Inspirasi untuk Buzz dikabarkan berasal dari tantangan yang dialami tim akibat penggunaan AI yang terpisah-pisah. Pergantian konteks antara aplikasi chat, repositori kode, dan berbagai alat AI menciptakan apa yang disebut proyek sebagai hilangnya riwayat keputusan. Buzz bertujuan berfungsi sebagai "mind koloni" bagi tim, dengan menyimpan seluruh konteks, baik yang dihasilkan manusia maupun AI, dalam satu ruang kerja yang terpadu.
Satu hal yang tidak ada: tidak ada token mata uang kripto atau struktur tata kelola yang terkait dengan Buzz. Block menempatkan ini sebagai alat produktivitas, bukan sebagai upaya Web3 dengan ekonomi token spekulatif yang ditambahkan di atasnya.
Apa artinya ini bagi para investor dan pasar secara luas
Dampak kompetitifnya nyata. Slack, yang dimiliki oleh Salesforce, dan GitHub, yang dimiliki oleh Microsoft, adalah pemain mapan dengan basis pelanggan perusahaan yang sangat besar.
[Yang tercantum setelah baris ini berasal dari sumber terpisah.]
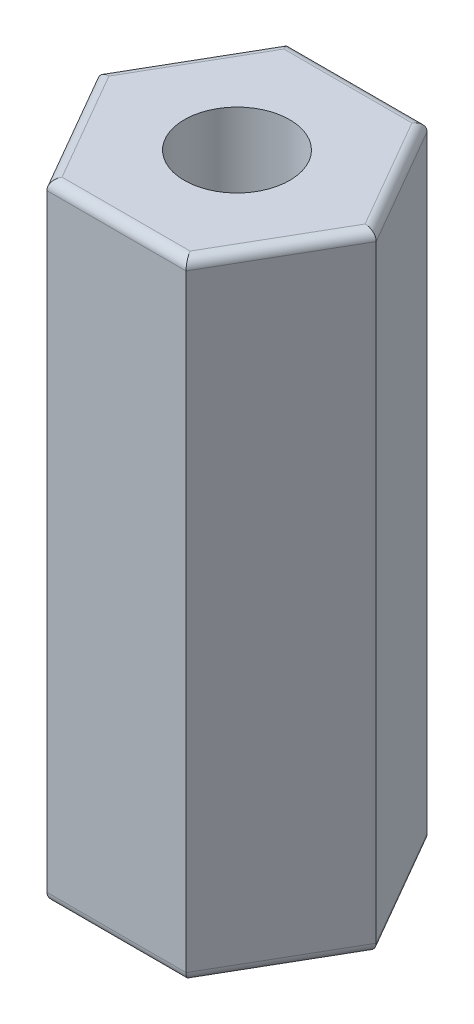
ISO-10303-21;
HEADER;
FILE_DESCRIPTION(('STEP AP214'),'2;1');
FILE_NAME('part.step','',(''),(''),'','','');
FILE_SCHEMA(('AUTOMOTIVE_DESIGN { 1 0 10303 214 1 1 1 1 }'));
ENDSEC;
DATA;
#1=APPLICATION_CONTEXT('core data for automotive mechanical design processes');
#2=APPLICATION_PROTOCOL_DEFINITION('international standard','automotive_design',2000,#1);
#3=PRODUCT_CONTEXT('',#1,'mechanical');
#4=PRODUCT('Part','Part','',(#3));
#5=PRODUCT_RELATED_PRODUCT_CATEGORY('part','',(#4));
#6=PRODUCT_DEFINITION_FORMATION('','',#4);
#7=PRODUCT_DEFINITION_CONTEXT('part definition',#1,'design');
#8=PRODUCT_DEFINITION('design','',#6,#7);
#9=PRODUCT_DEFINITION_SHAPE('','',#8);
#10=(LENGTH_UNIT() NAMED_UNIT(*) SI_UNIT(.MILLI.,.METRE.));
#11=(NAMED_UNIT(*) PLANE_ANGLE_UNIT() SI_UNIT($,.RADIAN.));
#12=(NAMED_UNIT(*) SI_UNIT($,.STERADIAN.) SOLID_ANGLE_UNIT());
#13=UNCERTAINTY_MEASURE_WITH_UNIT(LENGTH_MEASURE(1.E-05),#10,'distance_accuracy_value','');
#14=(GEOMETRIC_REPRESENTATION_CONTEXT(3) GLOBAL_UNCERTAINTY_ASSIGNED_CONTEXT((#13)) GLOBAL_UNIT_ASSIGNED_CONTEXT((#10,
#11,#12)) REPRESENTATION_CONTEXT('',''));
#15=CARTESIAN_POINT('',(0.,0.,0.));
#16=DIRECTION('',(0.,0.,1.));
#17=DIRECTION('',(1.,0.,0.));
#18=AXIS2_PLACEMENT_3D('',#15,#16,#17);
#19=CARTESIAN_POINT('',(1.44337567297406,13.,2.5));
#20=DIRECTION('',(-0.866025403784439,0.,-0.5));
#21=DIRECTION('',(-0.5,0.,0.866025403784439));
#22=AXIS2_PLACEMENT_3D('',#19,#20,#21);
#23=PLANE('',#22);
#24=DIRECTION('',(0.,-1.,0.));
#25=VECTOR('',#24,1.);
#26=CARTESIAN_POINT('',(2.88675134594813,13.,0.));
#27=LINE('',#26,#25);
#28=CARTESIAN_POINT('',(2.88675134594813,12.8,0.));
#29=VERTEX_POINT('',#28);
#30=CARTESIAN_POINT('',(2.88675134594813,0.199999999999999,0.));
#31=VERTEX_POINT('',#30);
#32=EDGE_CURVE('E149',#29,#31,#27,.T.);
#33=ORIENTED_EDGE('',*,*,#32,.F.);
#34=DIRECTION('',(0.5,0.,-0.866025403784439));
#35=VECTOR('',#34,1.);
#36=CARTESIAN_POINT('',(1.44337567297406,12.8,2.5));
#37=LINE('',#36,#35);
#38=CARTESIAN_POINT('',(1.44337567297406,12.8,2.5));
#39=VERTEX_POINT('',#38);
#40=EDGE_CURVE('E140',#29,#39,#37,.F.);
#41=ORIENTED_EDGE('',*,*,#40,.T.);
#42=DIRECTION('',(0.,-1.,0.));
#43=VECTOR('',#42,1.);
#44=CARTESIAN_POINT('',(1.44337567297406,13.,2.5));
#45=LINE('',#44,#43);
#46=CARTESIAN_POINT('',(1.44337567297406,0.200000000000001,2.5));
#47=VERTEX_POINT('',#46);
#48=EDGE_CURVE('E206',#39,#47,#45,.T.);
#49=ORIENTED_EDGE('',*,*,#48,.T.);
#50=DIRECTION('',(0.5,0.,-0.866025403784439));
#51=VECTOR('',#50,1.);
#52=CARTESIAN_POINT('',(1.44337567297406,0.200000000000001,2.5));
#53=LINE('',#52,#51);
#54=EDGE_CURVE('E181',#47,#31,#53,.T.);
#55=ORIENTED_EDGE('',*,*,#54,.T.);
#56=EDGE_LOOP('',(#33,#41,#49,#55));
#57=FACE_BOUND('',#56,.T.);
#58=ADVANCED_FACE('F33',(#57),#23,.F.);
#59=CARTESIAN_POINT('',(2.88675134594813,13.,0.));
#60=DIRECTION('',(-0.866025403784439,0.,0.5));
#61=DIRECTION('',(0.5,0.,0.866025403784439));
#62=AXIS2_PLACEMENT_3D('',#59,#60,#61);
#63=PLANE('',#62);
#64=DIRECTION('',(0.,-1.,0.));
#65=VECTOR('',#64,1.);
#66=CARTESIAN_POINT('',(1.44337567297406,13.,-2.5));
#67=LINE('',#66,#65);
#68=CARTESIAN_POINT('',(1.44337567297406,12.8,-2.5));
#69=VERTEX_POINT('',#68);
#70=CARTESIAN_POINT('',(1.44337567297406,0.199999999999999,-2.5));
#71=VERTEX_POINT('',#70);
#72=EDGE_CURVE('E152',#69,#71,#67,.T.);
#73=ORIENTED_EDGE('',*,*,#72,.F.);
#74=DIRECTION('',(-0.5,0.,-0.866025403784439));
#75=VECTOR('',#74,1.);
#76=CARTESIAN_POINT('',(2.88675134594813,12.8,0.));
#77=LINE('',#76,#75);
#78=EDGE_CURVE('E186',#69,#29,#77,.F.);
#79=ORIENTED_EDGE('',*,*,#78,.T.);
#80=ORIENTED_EDGE('',*,*,#32,.T.);
#81=DIRECTION('',(-0.5,0.,-0.866025403784439));
#82=VECTOR('',#81,1.);
#83=CARTESIAN_POINT('',(2.88675134594813,0.200000000000001,0.));
#84=LINE('',#83,#82);
#85=EDGE_CURVE('E184',#31,#71,#84,.T.);
#86=ORIENTED_EDGE('',*,*,#85,.T.);
#87=EDGE_LOOP('',(#73,#79,#80,#86));
#88=FACE_BOUND('',#87,.T.);
#89=ADVANCED_FACE('F268',(#88),#63,.F.);
#90=CARTESIAN_POINT('',(1.44337567297406,13.,-2.5));
#91=DIRECTION('',(0.,0.,1.));
#92=DIRECTION('',(1.,0.,0.));
#93=AXIS2_PLACEMENT_3D('',#90,#91,#92);
#94=PLANE('',#93);
#95=DIRECTION('',(0.,-1.,0.));
#96=VECTOR('',#95,1.);
#97=CARTESIAN_POINT('',(-1.44337567297406,13.,-2.5));
#98=LINE('',#97,#96);
#99=CARTESIAN_POINT('',(-1.44337567297406,12.8,-2.5));
#100=VERTEX_POINT('',#99);
#101=CARTESIAN_POINT('',(-1.44337567297406,0.199999999999999,-2.5));
#102=VERTEX_POINT('',#101);
#103=EDGE_CURVE('E259',#100,#102,#98,.T.);
#104=ORIENTED_EDGE('',*,*,#103,.F.);
#105=DIRECTION('',(-1.,0.,0.));
#106=VECTOR('',#105,1.);
#107=CARTESIAN_POINT('',(1.44337567297406,12.8,-2.5));
#108=LINE('',#107,#106);
#109=EDGE_CURVE('E165',#100,#69,#108,.F.);
#110=ORIENTED_EDGE('',*,*,#109,.T.);
#111=ORIENTED_EDGE('',*,*,#72,.T.);
#112=DIRECTION('',(-1.,0.,0.));
#113=VECTOR('',#112,1.);
#114=CARTESIAN_POINT('',(1.44337567297406,0.200000000000001,-2.5));
#115=LINE('',#114,#113);
#116=EDGE_CURVE('E163',#71,#102,#115,.T.);
#117=ORIENTED_EDGE('',*,*,#116,.T.);
#118=EDGE_LOOP('',(#104,#110,#111,#117));
#119=FACE_BOUND('',#118,.T.);
#120=ADVANCED_FACE('F265',(#119),#94,.F.);
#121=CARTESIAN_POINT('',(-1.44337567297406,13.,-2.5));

Pendekatan kriptografis Buzz dalam manajemen agen AI menciptakan jejak audit yang tidak dimiliki oleh sebagian besar alat perusahaan, di mana setiap agen menerima identitas berbasis Nostr sendiri dengan izin spesifik.
Investor yang memantau ruang perangkat lunak perusahaan harus memperhatikan kemampuan self-hosting. Organisasi yang ragu-ragu untuk mengirimkan kode dan percakapan propietaris melalui server pihak ketiga kini memiliki opsi open-source yang memungkinkan mereka menyimpan semuanya di dalam negeri.